The machine learning models were trained and evaluated on training and validation datasets respectively. The performance of the models was then evaluated and compared on metrics of accuracy, precision, recall, and macro-averaged F1 score to determine their effectiveness in predicting sentiment about products on Twitter.
The SVC model performed the best with an accuracy of 90% and an average F1-Score of 81, indicating that it accurately predicts each sentiment. This indicates that the level of complexity of the problem is suited to the level of complexity of the SVC model.
The SVC model performed the best with an accuracy of 63% and an average F1-Score of 61. The poor performance is due to the difficulty of determining the Neutral class due to the significant overlap as described earlier.
Identifying areas for improvement
- For example, if the model detects a high volume of negative sentiment related to a particular product feature or customer service issue, Apple can investigate the issue and take steps to address it.
Respond to customer feedback
- By monitoring sentiment in real-time, Apple can identify and address customer issues and concerns before they escalate, improving customer satisfaction and loyalty.
Informing product development
- By understanding which features or products are most commonly associated with positive or negative sentiment, Apple can prioritize development efforts and make more informed decisions about product features and design.
Monitoring competitors
- The sentiment analysis model can be used to monitor sentiment about Apple's competitors on Twitter, providing insights into the strengths and weaknesses of competing products and brands.
Our binary sentiment analysis model can output a probability score that indicates how confident it is in its prediction. By setting a threshold of 75%, we can include only highly confident tweets, improving the quality and reliability of our predictions. Confidence thresholding ensures that the sentiment analysis model provides valuable insights to businesses.
In conclusion, this project demonstrates the value of sentiment analysis for businesses looking to gain insights into consumer opinion and improve decision-making. By accurately predicting sentiment about products on Twitter, businesses can identify areas for improvement, respond to customer feedback, and increase customer satisfaction and loyalty.
Binary sentiment classification (positive and negative) achieved higher accuracy compared to the multi-class model. The difficulty in training models in this space is due to a number of factors. Firstly, tweets are a particularly difficult medium to perform NLP on because of the short length, use of slang, and intentional and unintentional grammatical and spelling errors. Second is the size of our dataset. After undersampling the majority class, we were left with less than 6k tweets. Many of the highest performing NLP models are trained on millions if not billions of datapoints. Finally, I believe that the dataset's labeling contains many errors and/or tweets that people may not label into any one category as they contain both positive and negative aspects.

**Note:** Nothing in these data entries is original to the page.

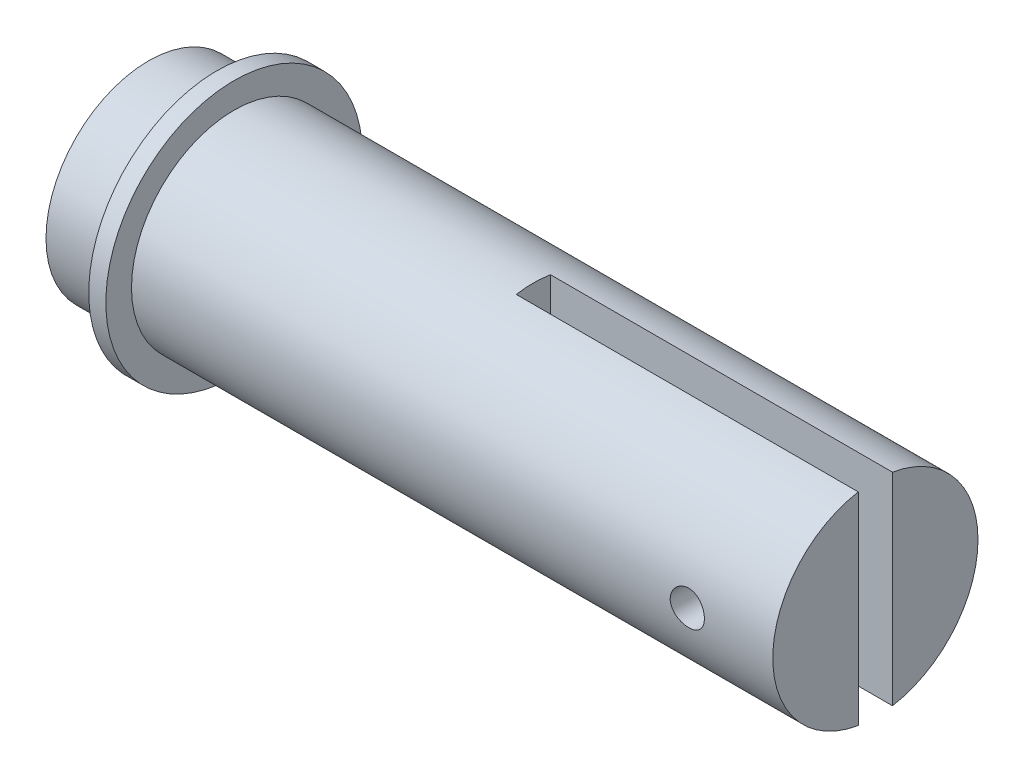
SolidWorks part; units mm, degrees
material "6061 合金"
ref_plane "前视基准面" through (0, 0, 0) normal (0, 0, 1) x (1, 0, 0)
ref_plane "上视基准面" through (0, 0, 0) normal (0, 1, 0) x (1, 0, 0)
ref_plane "右视基准面" through (0, 0, 0) normal (1, 0, 0) x (0, 0, -1)
other "Configuration Table"
sketch "草图1" plane through (0, 0, 0) normal (0, 1, 0) x (1, 0, 0)
  circle A0 centre (0, 0) radius 2
  dimension "D1" = 4
sketch "草图2" plane through (0, 0, 0) normal (1, 0, 0) x (0, 0, -1)
  circle A0 centre (0, 0) radius 12
  dimension "D1" = 24
extrude "凸台-拉伸1" add sketch "草图2" along normal blind 80 and the other way blind 5 contours A0
extrude "切除-拉伸1" cut sketch "草图1" against normal blind 80
ref_plane "基准面1" through (5, 0, 0) normal (1, 0, 0) x (0, 0, -1)
sketch "草图4" plane through (5, 0, 0) normal (1, 0, 0) x (0, 0, -1)
  circle A0 centre (0, 0) radius 15
extrude "凸台-拉伸2" add sketch "草图4" against normal blind 2
sketch "草图7" plane through (80, 0, 0) normal (1, 0, 0) x (0, 0, -1)
  line L0 (-2, 11.8322) -> (-2, -11.8322)
  line L1 (2, 11.8322) -> (2, -11.8322)
  circle A0 centre (0, 0) radius 12 construction
  circle A1 centre (0, 0) radius 12
  circle M3 centre (0, 0) radius 12
  dimension "D1" = 2
  dimension "D2" = 2
extrude "切除-拉伸2" cut sketch "草图7" against normal blind 40 contours L1 L0 M3
sketch "草图8" plane through (0, 0, -2) normal (0, 0, 1) x (1, 0, 0)
  line L0 (80, -11.8322) -> (80, 11.8322) construction
  circle A0 centre (70, 0) radius 2
  dimension "D2" = 4
  dimension "D1" = 10
extrude "切除-拉伸3" cut sketch "草图8" against normal blind 40 and the other way blind 40
sketch "草图10" plane through (0, 0, 0) normal (1, 0, 0) x (0, 0, -1)
  circle A0 centre (0, -8) radius 1
  arc A1 (-2, -11.8322) -> (2, -11.8322) centre (0, 0) ccw construction
  dimension "D1" = 2
  dimension "D2" = 8
extrude "切除-拉伸4" cut sketch "草图10" against normal through all
sketch "草图12" plane through (0, 0, 0) normal (0, 1, 0) x (1, 0, 0)
  line L0 (3, 15) -> (3, -15) construction
  line L1 (3, 9.6865) -> (80, 9.6865)
  line L2 (80, 2) -> (80, 12) construction
  line L3 (-16.5, 0) -> (16.5, 0) construction
sketch "草图14" plane through (0, 0, 0) normal (0, 0, 1) x (1, 0, 0)
  line L0 (70, 0) -> (5, 0)
  line L1 (3, 0) -> (80, 0) construction
  line L2 (5, -16.5) -> (5, 16.5) construction
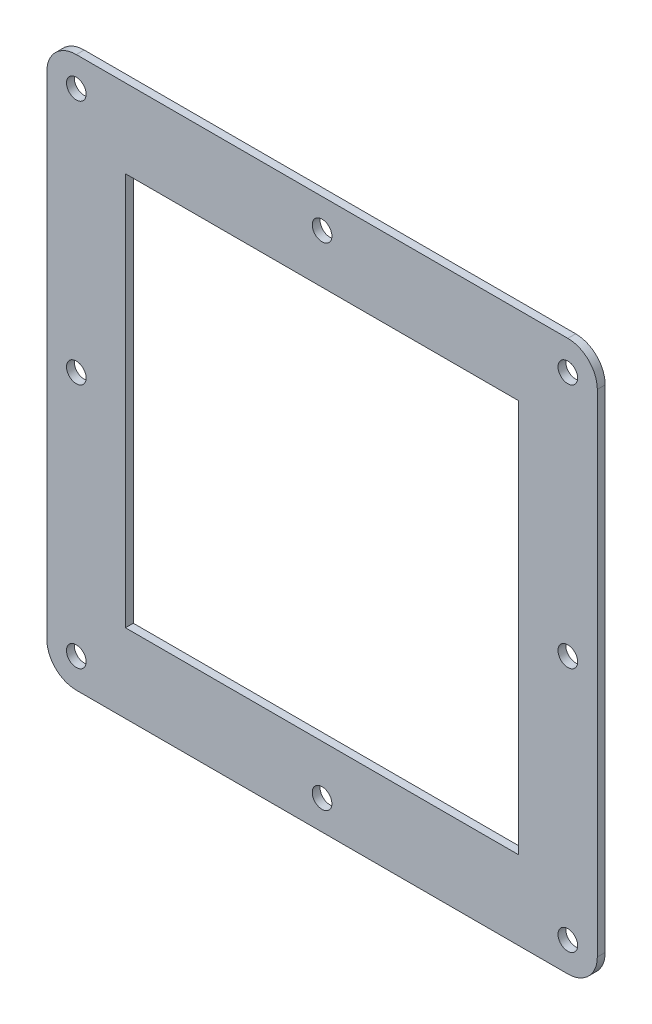
SolidWorks part; units mm, degrees
ref_plane "Front Plane" through (0, 0, 0) normal (0, 0, 1) x (1, 0, 0)
ref_plane "Top Plane" through (0, 0, 0) normal (0, 1, 0) x (1, 0, 0)
ref_plane "Right Plane" through (0, 0, 0) normal (1, 0, 0) x (0, 0, -1)
sketch "Sketch2" plane through (0, 0, 0) normal (0, 0, 1) x (1, 0, 0)
  line L0 (-125, 125) -> (125, 125) construction
  line L1 (-125, 140) -> (125, 140)
  line L2 (-140, 125) -> (-140, -125)
  line L3 (-125, -140) -> (125, -140)
  line L4 (140, 125) -> (140, -125)
  line L5 (-140, 140) -> (140, -140) construction
  line L6 (-140, -140) -> (140, 140) construction
  line L7 (125, 125) -> (125, -125) construction
  line L8 (125, -125) -> (-125, -125) construction
  line L9 (-125, -125) -> (-125, 125) construction
  arc A0 (-140, -125) -> (-125, -140) centre (-125, -125) ccw
  arc A1 (125, -140) -> (140, -125) centre (125, -125) ccw
  arc A2 (125, 140) -> (140, 125) centre (125, 125) cw
  arc A3 (-125, 140) -> (-140, 125) centre (-125, 125) ccw
  circle A4 centre (-125, 125) radius 5
  circle A5 centre (0, 125) radius 5
  circle A6 centre (125, 125) radius 5
  circle A13 centre (0, 0) radius 4
  circle A14 centre (125, 0) radius 5
  circle A15 centre (-125, 0) radius 5
  circle A16 centre (-125, -125) radius 5
  circle A17 centre (0, -125) radius 5
  circle A18 centre (125, -125) radius 5
  point P0 (0, 0)
  dimension "D3" = 15
  dimension "D4" = 10
  dimension "D5" = 10
  dimension "D6" = 10
  dimension "D7" = 8
  dimension "D8" = 10
  dimension "D9" = 10
  dimension "D10" = 10
  dimension "D11" = 10
  dimension "D1" = 280
  dimension "D2" = 280
extrude "Boss-Extrude1" add sketch "Sketch2" along normal blind 4
sketch "Sketch3" plane through (0, 0, 4) normal (0, 0, 1) x (1, 0, 0)
  line L1 (-100, 100) -> (100, 100)
  line L2 (-100, 100) -> (-100, -100)
  line L3 (-100, -100) -> (100, -100)
  line L4 (100, 100) -> (100, -100)
  line L5 (-100, 100) -> (100, -100) construction
  line L6 (-100, -100) -> (100, 100) construction
  point P0 (0, 0)
  dimension "D1" = 200
  dimension "D2" = 200
extrude "Cut-Extrude1" cut sketch "Sketch3" against normal blind 10
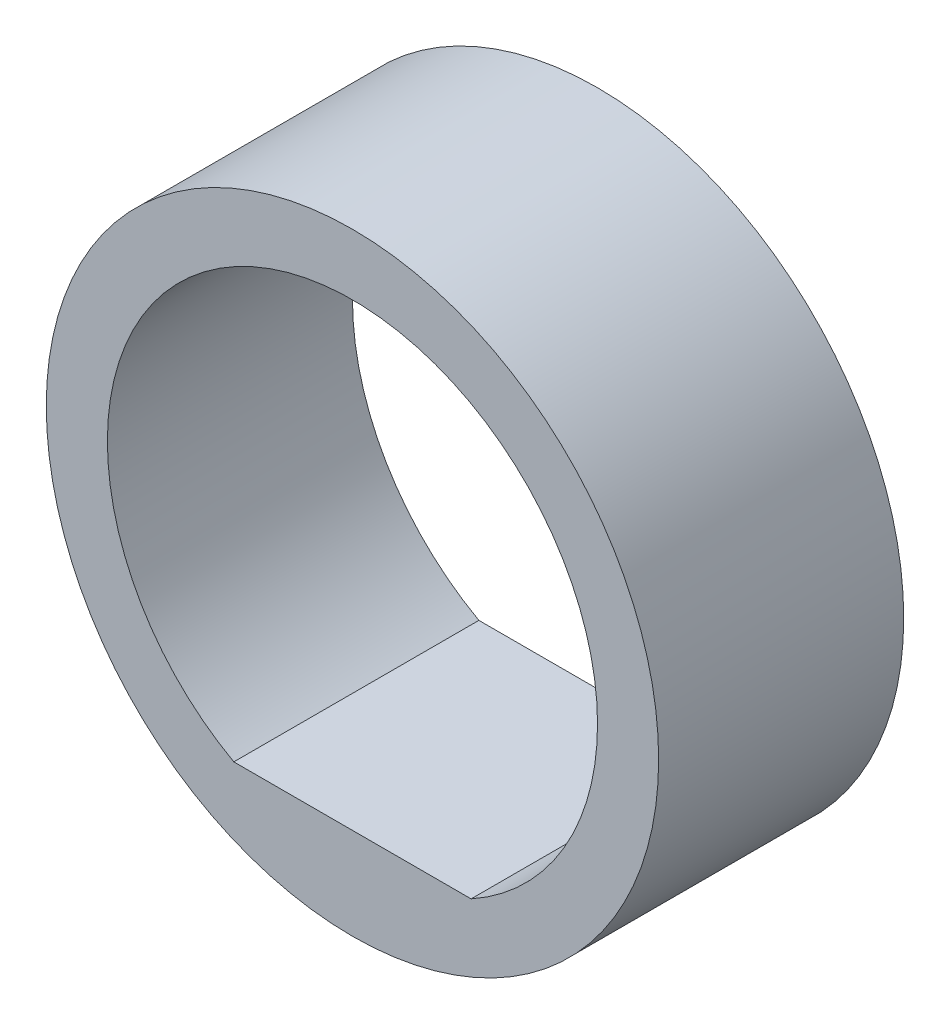
SolidWorks part; units mm, degrees
ref_plane "Front Plane" through (0, 0, 0) normal (0, 0, 1) x (1, 0, 0)
ref_plane "Top Plane" through (0, 0, 0) normal (0, 1, 0) x (1, 0, 0)
ref_plane "Right Plane" through (0, 0, 0) normal (1, 0, 0) x (0, 0, -1)
sketch "Sketch3" plane through (0, 0, 0) normal (0, 0, 1) x (1, 0, 0)
  line L3 (-111.134, -3.5) -> (-113.0705, -3.5)
  line L5 (-111.134, -3.5) -> (-109.1975, -3.5)
  circle A2 centre (-111.134, 0) radius 4.9975
  arc A3 (-109.1975, -3.5) -> (-113.0705, -3.5) centre (-111.134, 0) ccw
  dimension "D1" = 9.995
extrude "Boss-Extrude1" add sketch "Sketch3" along normal blind 4

While the results may be limited by the size and diversity of the dataset, sentiment analysis of tweets can provide valuable insights into customer opinions and attitudes towards products or services. This work demonstrates the potential for NLP sentiment analysis to be used in real-world applications for business decision-making. The machine learning models developed in this project provide a proof of concept for the effectiveness of sentiment analysis in consumer opinion research. Further work can be done to improve the accuracy and robustness of the models and to apply them to larger datasets and in more complex scenarios.